Io odio le guerre, penso che sia la cosa peggiore che l’essere umano possa fare e anche la cosa peggiore che possa capitare a un giornalista. Però penso che sia necessario esserci nei conflitti perché il giornalismo è presenza e vale per la stampa locale quanto per la stampa internazionale e perché se vuoi costruire la pace devi avere il coraggio di guardare in faccia la guerra senza fare sconti per amore di trovare soluzioni consolatorie che non ci sono però andando lì dove le cose accadono, ascoltando ancora una volta le persone, raccogliendo le loro paure, il loro disagio il loro terrore anche del conflitto qualche volta il loro odio per cercare di dare un nome alle cose perché giustizia e pace prima o poi si devono incontrare e senza verità non si incontreranno mai.”
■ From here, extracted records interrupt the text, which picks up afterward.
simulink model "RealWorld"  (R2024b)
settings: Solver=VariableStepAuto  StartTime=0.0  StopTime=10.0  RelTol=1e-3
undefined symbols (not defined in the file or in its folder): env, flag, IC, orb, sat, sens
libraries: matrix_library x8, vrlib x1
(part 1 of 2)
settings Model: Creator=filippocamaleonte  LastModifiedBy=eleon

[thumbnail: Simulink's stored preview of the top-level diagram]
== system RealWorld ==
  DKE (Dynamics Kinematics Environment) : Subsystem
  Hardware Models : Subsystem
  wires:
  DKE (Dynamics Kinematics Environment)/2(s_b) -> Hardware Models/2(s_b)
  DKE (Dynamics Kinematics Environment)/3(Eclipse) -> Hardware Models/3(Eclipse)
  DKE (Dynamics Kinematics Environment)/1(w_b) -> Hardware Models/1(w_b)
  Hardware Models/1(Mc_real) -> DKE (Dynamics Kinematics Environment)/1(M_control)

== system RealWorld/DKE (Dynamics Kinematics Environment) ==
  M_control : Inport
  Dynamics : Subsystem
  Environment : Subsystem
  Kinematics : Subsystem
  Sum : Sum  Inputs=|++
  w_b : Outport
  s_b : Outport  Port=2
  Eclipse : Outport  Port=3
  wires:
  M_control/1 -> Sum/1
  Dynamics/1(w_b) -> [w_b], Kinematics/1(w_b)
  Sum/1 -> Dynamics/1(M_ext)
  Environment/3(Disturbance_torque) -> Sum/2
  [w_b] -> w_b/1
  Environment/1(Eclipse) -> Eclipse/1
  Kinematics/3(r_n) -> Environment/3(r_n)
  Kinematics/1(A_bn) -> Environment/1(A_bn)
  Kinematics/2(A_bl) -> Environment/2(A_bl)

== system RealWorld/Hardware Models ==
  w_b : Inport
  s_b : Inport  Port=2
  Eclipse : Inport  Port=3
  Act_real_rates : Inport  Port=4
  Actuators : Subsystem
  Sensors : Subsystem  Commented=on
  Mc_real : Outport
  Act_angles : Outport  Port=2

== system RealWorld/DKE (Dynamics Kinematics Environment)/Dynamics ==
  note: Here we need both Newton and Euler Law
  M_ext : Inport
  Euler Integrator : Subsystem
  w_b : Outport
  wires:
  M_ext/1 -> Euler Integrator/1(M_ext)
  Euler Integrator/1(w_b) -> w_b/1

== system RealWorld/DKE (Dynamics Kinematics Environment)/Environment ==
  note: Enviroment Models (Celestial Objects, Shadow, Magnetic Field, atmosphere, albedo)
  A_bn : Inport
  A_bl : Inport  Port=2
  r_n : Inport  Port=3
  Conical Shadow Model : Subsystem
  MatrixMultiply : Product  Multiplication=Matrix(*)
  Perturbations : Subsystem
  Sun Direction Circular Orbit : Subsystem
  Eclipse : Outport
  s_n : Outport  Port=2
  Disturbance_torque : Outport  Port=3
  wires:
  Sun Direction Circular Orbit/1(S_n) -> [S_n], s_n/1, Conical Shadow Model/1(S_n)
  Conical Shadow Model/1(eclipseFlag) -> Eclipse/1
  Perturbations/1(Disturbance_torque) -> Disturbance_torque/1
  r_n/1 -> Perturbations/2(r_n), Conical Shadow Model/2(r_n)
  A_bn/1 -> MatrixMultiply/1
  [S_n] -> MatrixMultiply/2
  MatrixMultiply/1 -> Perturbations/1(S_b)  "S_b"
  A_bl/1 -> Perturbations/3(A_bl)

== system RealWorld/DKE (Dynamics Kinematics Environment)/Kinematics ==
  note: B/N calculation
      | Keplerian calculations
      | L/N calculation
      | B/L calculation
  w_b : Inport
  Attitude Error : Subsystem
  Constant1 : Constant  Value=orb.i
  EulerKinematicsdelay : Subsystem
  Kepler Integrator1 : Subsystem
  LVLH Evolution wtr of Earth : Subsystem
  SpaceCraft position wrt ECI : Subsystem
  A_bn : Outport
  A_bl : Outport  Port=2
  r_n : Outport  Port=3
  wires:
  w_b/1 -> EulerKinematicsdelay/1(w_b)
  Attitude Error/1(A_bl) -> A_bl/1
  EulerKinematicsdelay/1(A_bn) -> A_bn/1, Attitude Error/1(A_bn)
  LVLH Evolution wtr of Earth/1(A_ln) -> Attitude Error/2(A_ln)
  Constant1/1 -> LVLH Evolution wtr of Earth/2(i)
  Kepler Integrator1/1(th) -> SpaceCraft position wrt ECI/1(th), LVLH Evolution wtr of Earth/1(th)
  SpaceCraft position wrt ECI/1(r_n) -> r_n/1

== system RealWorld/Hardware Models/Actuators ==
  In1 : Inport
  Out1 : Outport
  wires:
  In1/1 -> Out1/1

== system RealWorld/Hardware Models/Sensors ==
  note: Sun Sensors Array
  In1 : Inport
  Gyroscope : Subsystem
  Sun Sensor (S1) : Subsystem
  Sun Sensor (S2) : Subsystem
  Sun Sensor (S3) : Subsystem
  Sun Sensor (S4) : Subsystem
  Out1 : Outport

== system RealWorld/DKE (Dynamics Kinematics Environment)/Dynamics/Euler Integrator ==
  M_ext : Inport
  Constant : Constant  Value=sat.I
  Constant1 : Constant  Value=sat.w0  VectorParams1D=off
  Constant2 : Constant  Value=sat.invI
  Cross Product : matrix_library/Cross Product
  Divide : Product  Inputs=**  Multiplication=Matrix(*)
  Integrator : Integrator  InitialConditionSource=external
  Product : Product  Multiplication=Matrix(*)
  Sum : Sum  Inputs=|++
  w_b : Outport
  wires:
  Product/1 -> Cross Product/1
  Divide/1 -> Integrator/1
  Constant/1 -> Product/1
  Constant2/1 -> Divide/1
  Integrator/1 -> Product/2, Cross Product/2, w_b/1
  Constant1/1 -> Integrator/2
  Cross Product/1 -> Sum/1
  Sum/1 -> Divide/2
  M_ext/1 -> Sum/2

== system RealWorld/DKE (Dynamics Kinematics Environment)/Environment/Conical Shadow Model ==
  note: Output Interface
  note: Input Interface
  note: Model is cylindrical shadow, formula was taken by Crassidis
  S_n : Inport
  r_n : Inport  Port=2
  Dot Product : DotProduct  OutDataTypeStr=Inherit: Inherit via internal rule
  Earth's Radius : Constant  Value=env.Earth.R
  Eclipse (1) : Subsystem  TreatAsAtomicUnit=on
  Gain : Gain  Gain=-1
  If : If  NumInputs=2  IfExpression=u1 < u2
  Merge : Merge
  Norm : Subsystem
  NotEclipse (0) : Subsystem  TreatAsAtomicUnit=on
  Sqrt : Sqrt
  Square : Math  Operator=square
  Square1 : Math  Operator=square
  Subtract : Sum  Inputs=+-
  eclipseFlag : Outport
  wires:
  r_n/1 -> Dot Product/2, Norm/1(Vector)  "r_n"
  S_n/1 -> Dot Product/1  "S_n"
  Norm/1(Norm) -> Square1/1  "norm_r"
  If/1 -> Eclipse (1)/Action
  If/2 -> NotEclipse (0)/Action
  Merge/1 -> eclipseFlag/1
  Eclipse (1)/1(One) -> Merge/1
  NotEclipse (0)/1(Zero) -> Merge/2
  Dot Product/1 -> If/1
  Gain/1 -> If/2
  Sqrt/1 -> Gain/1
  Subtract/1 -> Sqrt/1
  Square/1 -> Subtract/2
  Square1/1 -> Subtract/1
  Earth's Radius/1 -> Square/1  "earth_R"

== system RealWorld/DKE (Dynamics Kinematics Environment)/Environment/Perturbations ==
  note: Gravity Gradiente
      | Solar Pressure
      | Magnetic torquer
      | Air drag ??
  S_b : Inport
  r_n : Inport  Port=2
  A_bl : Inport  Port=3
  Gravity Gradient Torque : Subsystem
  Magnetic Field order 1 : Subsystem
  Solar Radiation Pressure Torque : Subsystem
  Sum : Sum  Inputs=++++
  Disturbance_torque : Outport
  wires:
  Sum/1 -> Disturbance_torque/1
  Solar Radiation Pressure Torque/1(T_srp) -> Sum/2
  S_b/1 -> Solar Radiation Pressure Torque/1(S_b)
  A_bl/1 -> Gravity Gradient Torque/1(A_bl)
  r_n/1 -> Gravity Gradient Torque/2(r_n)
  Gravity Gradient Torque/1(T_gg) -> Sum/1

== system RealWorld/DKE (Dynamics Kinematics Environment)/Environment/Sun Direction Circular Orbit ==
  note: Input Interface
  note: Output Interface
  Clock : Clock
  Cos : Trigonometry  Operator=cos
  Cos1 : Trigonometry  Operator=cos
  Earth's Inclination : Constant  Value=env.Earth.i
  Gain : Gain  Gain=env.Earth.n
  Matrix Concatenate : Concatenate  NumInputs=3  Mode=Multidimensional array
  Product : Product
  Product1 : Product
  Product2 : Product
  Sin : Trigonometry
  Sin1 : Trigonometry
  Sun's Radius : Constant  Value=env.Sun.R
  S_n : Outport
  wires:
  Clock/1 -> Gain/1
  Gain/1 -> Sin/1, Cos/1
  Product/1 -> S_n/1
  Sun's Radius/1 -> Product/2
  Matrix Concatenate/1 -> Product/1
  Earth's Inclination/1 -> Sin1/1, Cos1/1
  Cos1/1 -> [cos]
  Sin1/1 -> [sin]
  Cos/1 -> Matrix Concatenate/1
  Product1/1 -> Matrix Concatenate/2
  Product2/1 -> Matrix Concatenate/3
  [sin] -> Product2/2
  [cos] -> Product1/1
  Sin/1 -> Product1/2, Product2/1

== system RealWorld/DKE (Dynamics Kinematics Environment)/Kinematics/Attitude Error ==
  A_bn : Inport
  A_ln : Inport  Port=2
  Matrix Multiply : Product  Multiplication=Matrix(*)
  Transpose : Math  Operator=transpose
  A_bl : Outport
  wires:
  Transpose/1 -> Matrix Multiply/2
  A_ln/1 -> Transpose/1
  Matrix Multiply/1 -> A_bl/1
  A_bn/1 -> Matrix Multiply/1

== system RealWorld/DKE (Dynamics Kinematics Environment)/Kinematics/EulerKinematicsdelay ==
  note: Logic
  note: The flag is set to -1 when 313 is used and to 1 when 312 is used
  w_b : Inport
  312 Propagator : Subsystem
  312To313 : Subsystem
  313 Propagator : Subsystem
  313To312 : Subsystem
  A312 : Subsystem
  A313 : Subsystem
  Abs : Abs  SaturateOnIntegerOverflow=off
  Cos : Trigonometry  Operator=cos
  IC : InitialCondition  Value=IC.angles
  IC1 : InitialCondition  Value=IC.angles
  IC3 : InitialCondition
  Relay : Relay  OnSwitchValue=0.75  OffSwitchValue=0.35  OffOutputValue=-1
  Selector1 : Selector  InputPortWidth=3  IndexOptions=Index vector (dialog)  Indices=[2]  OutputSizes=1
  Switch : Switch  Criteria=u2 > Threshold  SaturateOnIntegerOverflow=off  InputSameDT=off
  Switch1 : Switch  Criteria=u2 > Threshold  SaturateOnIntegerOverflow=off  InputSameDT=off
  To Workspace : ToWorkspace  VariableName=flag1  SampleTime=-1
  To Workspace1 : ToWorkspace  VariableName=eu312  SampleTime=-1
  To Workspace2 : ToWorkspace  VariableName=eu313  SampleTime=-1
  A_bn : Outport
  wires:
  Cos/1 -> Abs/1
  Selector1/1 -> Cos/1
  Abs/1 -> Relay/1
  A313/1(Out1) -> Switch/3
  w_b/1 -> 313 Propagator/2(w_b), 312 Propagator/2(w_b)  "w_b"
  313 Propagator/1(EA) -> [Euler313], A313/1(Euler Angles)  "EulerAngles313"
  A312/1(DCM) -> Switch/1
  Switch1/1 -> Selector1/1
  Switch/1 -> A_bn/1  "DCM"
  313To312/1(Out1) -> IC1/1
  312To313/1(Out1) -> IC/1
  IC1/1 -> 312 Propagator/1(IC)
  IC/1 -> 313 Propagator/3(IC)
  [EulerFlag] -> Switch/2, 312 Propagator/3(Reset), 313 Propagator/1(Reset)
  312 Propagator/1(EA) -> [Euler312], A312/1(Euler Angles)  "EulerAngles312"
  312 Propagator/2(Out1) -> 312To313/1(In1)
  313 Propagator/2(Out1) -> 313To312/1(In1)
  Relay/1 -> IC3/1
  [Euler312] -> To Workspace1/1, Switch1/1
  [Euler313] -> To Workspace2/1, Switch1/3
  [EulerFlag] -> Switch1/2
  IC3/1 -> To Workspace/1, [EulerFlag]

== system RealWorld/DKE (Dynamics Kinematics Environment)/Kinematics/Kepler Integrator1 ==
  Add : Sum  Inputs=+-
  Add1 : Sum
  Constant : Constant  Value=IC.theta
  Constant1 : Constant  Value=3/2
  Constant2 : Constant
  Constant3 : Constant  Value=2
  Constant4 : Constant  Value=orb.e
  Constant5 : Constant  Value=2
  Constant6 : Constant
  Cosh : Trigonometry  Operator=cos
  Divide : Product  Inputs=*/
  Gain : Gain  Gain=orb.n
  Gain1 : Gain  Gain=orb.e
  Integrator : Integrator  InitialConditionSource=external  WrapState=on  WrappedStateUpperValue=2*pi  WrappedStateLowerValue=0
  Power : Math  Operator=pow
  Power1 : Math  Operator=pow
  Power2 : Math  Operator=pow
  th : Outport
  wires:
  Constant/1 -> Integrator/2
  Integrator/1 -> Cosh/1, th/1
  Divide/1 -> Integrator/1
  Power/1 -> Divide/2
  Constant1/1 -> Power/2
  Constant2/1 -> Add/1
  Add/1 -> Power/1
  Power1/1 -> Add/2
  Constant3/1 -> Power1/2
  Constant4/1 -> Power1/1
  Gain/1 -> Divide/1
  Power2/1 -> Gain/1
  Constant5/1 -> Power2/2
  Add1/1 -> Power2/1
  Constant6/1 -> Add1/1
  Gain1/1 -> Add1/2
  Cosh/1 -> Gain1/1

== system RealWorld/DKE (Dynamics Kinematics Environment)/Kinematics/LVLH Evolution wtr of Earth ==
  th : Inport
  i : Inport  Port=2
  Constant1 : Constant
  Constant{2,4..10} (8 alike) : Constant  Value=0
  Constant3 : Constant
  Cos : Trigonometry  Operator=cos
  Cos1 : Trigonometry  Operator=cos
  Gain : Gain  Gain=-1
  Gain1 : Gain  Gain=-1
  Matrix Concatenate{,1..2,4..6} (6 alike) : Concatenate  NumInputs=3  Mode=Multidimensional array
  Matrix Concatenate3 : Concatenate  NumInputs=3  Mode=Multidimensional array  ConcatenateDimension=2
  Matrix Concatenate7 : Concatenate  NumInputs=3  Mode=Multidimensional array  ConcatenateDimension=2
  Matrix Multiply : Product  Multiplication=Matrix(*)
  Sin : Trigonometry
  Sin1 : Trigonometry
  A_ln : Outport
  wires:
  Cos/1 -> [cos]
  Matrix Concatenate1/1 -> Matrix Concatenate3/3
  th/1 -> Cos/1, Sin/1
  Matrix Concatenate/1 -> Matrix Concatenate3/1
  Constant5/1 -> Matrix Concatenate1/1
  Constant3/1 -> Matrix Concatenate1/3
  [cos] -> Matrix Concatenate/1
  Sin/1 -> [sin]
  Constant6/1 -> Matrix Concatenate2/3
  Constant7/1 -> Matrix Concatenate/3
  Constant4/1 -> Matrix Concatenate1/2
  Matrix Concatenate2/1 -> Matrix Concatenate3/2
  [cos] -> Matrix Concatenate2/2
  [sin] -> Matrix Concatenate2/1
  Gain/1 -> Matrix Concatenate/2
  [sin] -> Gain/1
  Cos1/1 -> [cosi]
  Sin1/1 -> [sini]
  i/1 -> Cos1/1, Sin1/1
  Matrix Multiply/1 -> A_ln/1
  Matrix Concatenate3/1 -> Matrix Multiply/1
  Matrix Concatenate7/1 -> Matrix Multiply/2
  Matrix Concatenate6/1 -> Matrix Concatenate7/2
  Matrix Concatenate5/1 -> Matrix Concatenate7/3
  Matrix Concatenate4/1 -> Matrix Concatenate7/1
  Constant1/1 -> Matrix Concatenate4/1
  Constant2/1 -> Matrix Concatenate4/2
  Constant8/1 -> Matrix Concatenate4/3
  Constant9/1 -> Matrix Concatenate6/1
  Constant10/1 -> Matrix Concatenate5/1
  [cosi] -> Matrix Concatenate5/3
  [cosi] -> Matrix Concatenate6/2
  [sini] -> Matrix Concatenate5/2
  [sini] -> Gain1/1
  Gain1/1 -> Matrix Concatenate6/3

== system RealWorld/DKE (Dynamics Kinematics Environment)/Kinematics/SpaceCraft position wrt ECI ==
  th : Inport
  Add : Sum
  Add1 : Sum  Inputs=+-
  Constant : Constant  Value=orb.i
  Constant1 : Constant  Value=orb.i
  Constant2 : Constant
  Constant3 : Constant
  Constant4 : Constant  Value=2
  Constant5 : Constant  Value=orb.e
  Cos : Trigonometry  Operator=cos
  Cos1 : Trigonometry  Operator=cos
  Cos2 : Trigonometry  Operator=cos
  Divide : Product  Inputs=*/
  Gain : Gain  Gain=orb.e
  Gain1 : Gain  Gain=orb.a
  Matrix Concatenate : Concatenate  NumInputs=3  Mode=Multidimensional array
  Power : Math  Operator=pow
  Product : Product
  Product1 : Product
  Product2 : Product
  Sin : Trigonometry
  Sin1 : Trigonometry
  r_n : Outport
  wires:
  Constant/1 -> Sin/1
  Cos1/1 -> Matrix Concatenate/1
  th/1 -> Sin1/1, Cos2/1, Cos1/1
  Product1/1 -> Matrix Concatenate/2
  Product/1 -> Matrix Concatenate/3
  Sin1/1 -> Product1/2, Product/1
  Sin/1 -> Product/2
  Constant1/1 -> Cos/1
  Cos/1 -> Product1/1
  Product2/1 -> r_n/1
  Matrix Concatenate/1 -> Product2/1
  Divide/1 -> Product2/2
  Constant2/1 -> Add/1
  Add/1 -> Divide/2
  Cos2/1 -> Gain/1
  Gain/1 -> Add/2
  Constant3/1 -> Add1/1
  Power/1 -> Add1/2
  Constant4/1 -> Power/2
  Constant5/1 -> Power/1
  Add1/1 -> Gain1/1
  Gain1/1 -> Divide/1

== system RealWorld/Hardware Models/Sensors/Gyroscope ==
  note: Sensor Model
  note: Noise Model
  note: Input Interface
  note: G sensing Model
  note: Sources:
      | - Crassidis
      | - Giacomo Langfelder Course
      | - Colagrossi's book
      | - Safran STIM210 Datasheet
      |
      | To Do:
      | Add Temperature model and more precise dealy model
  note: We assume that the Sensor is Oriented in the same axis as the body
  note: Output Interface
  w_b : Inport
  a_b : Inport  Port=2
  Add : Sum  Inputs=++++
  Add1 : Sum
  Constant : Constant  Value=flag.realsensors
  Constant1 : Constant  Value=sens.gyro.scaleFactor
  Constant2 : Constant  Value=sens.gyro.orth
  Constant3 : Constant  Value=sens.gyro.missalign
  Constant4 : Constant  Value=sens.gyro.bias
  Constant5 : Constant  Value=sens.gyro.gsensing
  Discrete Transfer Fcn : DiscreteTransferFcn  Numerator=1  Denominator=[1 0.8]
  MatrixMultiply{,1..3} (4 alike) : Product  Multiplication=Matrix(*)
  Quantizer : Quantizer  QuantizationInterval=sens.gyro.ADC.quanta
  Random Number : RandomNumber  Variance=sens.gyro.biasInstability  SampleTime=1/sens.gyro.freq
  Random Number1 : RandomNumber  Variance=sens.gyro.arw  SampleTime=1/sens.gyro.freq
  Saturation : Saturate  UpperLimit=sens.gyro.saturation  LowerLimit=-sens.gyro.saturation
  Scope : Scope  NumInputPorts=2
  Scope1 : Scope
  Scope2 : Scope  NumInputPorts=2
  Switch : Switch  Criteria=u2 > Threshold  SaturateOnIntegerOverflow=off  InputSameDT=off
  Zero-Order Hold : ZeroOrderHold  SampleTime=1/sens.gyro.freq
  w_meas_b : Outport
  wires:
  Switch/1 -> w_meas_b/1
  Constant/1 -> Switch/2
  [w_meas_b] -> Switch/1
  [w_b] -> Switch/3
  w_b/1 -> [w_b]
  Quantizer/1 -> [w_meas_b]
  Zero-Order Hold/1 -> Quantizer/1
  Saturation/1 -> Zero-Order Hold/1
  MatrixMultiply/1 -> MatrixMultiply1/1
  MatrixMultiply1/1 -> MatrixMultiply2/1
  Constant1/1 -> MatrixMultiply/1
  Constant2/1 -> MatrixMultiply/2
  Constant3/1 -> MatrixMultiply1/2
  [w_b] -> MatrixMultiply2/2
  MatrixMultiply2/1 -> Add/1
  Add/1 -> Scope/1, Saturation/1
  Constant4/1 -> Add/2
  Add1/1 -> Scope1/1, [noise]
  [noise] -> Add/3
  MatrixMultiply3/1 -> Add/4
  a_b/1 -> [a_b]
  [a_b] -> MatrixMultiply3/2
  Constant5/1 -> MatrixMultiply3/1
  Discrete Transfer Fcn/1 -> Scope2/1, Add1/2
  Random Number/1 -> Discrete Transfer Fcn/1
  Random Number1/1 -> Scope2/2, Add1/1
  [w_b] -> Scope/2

Il presidente di BCC Banca Valdarno, Gianfranco Donati, ha ribadito il ruolo sociale della banca:”Fa parte della nostra storia fa parte della nostra vocazione, nel nostro DNA di banche cooperative che nascono più di 100 anni fa, proprio con questo spirito. Lo spirito di far crescere un territorio, una comunità, non soltanto dal punto di vista economico, ma creando coesione all’interno della comunità territoriale e cercando proprio di affrontare anche le questioni culturali e morali e sociali di un territorio. Per cui, oltre a sostenere la piccola impresa e la famiglia, noi da sempre ci rivolgiamo a enti, istituzioni associazioni di volontariato, terzo settore, che fanno parte di quel grande mondo dell’economia civile e sociale che è anche stato sancito e ribadito a livello europeo. Per cui siamo qui tutti insieme in questa giornata, a fare una riflessione per dire che la banca c’è, insieme alle istituzioni insieme a queste realtà, e dunque coopera e crea coesione, e dall’altra parte anche per mandare un segnale di pace, perché in un mondo lacerato da tantissime guerre, ecco nel nostro piccolo che non è poi tanto piccolo perché nel nostro Valdarno noi cerchiamo di dire che si può fare attraverso l’economia giustizia e anche pace.”
Infine si è espresso il direttore generale Stefano Roberto Pianigiani: ”La cosa più importante stasera è in questo evento riflettere insieme, perché il bando annuale è uno degli strumenti con cui la banca interviene non soltanto nell’ambito più tipicamente bancario dunque l’erogazione dei finanzi e di tutta l’operazione bancaria ma è uno degli strumenti relativi all’ambito in cui la banca interviene per interventi di welfare, sostanzialmente che vanno a crescere da un contributo al benessere delle nostre comunità. Ecco stasera un obiettivo principale di questo momento è proprio riflettere insieme per capire come diciamo valorizzare ancora di più il rapporto storico importante che da tanto tempo c’è fra la Banca del territorio e il mondo dell’associazionismo perché indubbiamente è un rapporto che produce davvero buoni frutti. Lo sosteniamo perché prima di tutto fa parte della nostra missione, all’articolo due del nostro statuto c’è scritto che la nostra banca non fa solo banca ma si preoccupa a dare un contributo alla crescita sociale e culturale e morale del territorio in pura banca lavoro e dunque per portare avanti questa missione per realizzare questo obiettivo cosa di meglio che tessere un rapporto strutturale con un mondo che si preoccupa in primo luogo di questa cosa.”